EXERCISE PROMPT: Report, from the records below, every line where the word "page" appears.

Segment Start: RECORDS FOR THE TASK

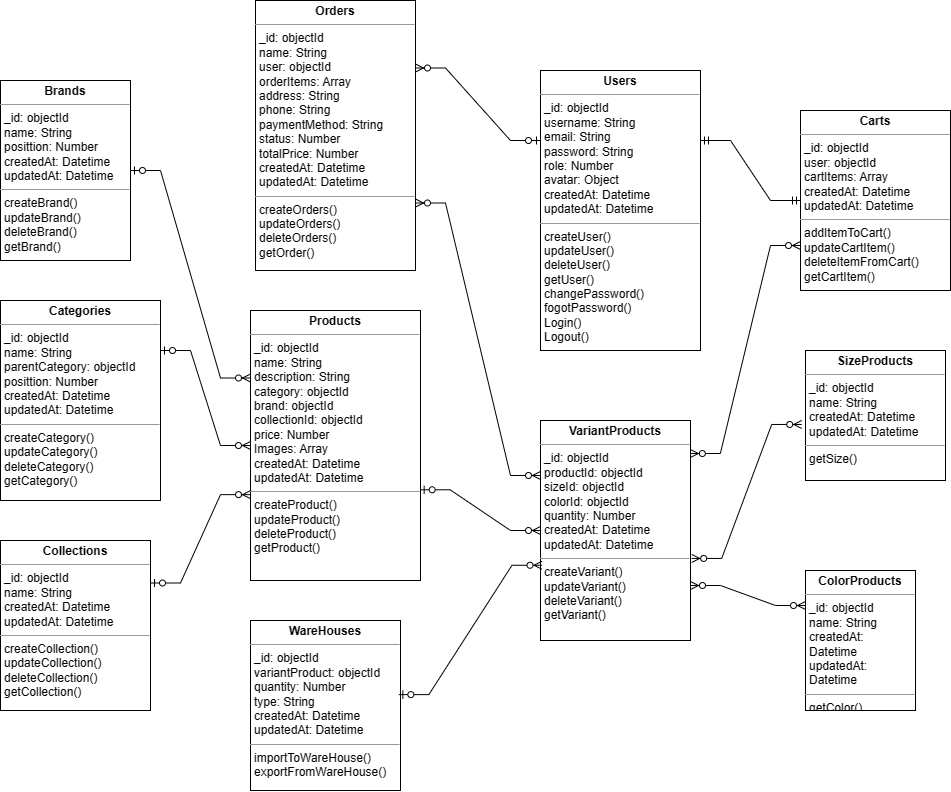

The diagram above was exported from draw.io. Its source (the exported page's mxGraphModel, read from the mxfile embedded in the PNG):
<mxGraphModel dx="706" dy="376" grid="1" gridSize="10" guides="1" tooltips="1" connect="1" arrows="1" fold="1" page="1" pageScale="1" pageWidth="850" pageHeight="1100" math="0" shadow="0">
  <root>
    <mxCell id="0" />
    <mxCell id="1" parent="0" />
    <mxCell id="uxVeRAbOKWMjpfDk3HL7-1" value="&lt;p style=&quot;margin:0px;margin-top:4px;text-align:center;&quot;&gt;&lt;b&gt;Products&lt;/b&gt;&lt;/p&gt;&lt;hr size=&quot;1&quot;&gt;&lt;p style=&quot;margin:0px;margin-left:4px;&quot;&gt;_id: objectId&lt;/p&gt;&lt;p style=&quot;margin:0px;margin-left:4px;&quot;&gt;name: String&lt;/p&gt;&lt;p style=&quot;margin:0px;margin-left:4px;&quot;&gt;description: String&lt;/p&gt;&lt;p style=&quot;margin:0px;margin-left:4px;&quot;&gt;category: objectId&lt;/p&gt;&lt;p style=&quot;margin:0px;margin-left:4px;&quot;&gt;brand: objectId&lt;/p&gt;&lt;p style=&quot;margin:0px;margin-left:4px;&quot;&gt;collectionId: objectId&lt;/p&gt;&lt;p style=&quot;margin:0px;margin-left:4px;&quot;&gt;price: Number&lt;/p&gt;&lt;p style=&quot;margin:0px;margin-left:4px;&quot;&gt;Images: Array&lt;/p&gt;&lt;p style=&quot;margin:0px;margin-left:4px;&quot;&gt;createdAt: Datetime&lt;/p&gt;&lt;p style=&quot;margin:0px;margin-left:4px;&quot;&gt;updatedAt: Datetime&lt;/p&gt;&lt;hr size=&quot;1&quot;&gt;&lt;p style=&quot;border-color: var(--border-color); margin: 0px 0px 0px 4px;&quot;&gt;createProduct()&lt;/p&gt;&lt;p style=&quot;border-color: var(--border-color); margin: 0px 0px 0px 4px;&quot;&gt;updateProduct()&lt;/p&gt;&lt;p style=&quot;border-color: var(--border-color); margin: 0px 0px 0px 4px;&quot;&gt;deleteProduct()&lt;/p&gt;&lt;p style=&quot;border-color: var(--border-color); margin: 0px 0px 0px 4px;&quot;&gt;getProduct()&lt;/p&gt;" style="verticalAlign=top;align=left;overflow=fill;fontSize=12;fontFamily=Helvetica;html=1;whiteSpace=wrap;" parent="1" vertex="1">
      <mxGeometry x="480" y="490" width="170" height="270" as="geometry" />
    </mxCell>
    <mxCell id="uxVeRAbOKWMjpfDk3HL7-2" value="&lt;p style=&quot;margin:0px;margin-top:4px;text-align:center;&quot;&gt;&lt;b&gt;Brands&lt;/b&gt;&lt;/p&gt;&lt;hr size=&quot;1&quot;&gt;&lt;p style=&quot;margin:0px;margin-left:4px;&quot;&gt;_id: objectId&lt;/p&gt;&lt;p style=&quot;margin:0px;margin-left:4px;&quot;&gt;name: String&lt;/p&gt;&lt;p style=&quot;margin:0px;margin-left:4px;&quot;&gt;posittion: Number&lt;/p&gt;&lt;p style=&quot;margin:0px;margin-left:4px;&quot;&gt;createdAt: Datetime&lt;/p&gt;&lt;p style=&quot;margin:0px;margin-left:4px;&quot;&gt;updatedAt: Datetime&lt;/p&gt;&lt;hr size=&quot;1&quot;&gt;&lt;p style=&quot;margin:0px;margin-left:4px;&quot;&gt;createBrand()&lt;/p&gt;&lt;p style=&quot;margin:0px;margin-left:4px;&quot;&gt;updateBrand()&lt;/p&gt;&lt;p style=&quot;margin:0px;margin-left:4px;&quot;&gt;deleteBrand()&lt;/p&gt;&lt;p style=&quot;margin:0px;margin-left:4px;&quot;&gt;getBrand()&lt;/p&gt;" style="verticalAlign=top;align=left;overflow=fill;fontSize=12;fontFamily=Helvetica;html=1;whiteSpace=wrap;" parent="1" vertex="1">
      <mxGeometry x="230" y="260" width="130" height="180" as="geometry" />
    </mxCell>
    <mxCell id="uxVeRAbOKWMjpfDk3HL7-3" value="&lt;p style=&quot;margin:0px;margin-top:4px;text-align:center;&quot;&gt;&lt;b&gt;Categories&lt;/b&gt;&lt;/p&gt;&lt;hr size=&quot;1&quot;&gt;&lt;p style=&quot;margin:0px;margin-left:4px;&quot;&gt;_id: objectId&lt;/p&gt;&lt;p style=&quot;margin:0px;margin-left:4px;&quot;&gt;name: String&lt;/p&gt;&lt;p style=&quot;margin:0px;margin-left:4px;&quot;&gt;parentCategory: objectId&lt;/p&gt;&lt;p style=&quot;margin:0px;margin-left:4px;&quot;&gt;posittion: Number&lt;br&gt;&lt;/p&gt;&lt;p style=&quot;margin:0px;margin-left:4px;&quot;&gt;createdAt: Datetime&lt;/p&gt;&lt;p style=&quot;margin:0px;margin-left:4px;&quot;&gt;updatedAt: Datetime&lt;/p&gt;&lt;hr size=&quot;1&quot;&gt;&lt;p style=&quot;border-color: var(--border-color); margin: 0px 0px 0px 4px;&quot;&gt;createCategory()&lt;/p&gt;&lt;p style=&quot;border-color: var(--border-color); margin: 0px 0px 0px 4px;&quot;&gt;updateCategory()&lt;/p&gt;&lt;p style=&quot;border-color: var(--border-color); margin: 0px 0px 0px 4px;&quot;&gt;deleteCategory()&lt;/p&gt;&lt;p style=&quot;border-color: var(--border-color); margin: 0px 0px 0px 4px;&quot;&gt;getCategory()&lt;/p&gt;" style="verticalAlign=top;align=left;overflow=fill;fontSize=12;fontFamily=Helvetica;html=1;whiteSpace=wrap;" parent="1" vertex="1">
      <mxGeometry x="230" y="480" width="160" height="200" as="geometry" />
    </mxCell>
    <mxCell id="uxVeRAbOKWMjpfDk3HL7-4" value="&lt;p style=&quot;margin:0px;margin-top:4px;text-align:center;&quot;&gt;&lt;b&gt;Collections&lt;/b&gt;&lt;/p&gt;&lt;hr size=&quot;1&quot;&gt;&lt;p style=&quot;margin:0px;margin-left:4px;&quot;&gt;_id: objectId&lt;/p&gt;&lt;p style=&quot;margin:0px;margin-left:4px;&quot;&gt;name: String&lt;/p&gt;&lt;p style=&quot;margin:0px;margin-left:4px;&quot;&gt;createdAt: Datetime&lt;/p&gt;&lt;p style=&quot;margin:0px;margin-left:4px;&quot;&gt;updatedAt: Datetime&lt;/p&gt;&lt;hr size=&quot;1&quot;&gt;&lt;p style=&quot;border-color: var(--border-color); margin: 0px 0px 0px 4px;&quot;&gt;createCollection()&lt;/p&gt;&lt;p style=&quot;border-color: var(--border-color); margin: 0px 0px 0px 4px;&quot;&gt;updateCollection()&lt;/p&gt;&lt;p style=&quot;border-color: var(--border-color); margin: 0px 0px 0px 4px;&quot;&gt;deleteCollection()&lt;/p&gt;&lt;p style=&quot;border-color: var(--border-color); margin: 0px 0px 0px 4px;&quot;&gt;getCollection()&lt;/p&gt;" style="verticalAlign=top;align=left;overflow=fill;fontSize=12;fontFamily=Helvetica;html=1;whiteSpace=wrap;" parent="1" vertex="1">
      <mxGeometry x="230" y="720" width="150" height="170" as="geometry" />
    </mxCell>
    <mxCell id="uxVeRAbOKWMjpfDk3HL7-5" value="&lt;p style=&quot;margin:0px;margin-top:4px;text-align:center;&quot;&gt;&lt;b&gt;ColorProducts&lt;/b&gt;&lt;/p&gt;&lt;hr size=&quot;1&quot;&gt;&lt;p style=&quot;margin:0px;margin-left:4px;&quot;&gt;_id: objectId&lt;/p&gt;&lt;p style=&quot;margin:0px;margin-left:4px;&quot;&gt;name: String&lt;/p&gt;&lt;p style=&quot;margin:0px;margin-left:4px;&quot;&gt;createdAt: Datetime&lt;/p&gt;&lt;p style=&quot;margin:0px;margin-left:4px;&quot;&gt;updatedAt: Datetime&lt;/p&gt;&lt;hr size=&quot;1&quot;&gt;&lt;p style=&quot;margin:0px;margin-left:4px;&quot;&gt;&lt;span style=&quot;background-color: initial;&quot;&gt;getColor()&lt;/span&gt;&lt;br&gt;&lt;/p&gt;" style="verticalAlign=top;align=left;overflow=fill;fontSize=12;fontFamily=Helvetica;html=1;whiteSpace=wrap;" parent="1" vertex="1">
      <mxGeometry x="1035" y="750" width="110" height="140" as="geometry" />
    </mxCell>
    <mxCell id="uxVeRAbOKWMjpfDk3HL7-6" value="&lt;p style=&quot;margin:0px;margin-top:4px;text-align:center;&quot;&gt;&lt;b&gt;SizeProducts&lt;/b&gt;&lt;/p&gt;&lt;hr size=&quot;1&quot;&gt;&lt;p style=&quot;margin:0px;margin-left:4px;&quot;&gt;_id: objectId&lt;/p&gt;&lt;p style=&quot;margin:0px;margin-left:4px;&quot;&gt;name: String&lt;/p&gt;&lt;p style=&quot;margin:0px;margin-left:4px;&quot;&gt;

Segment End: RECORDS FOR THE TASK

WRITTEN SOLUTION:
The diagram above was exported from draw.io. Its source (the exported page's mxGraphModel, read from the mxfile embedded in the PNG):
<mxGraphModel dx="706" dy="376" grid="1" gridSize="10" guides="1" tooltips="1" connect="1" arrows="1" fold="1" page="1" pageScale="1" pageWidth="850" pageHeight="1100" math="0" shadow="0">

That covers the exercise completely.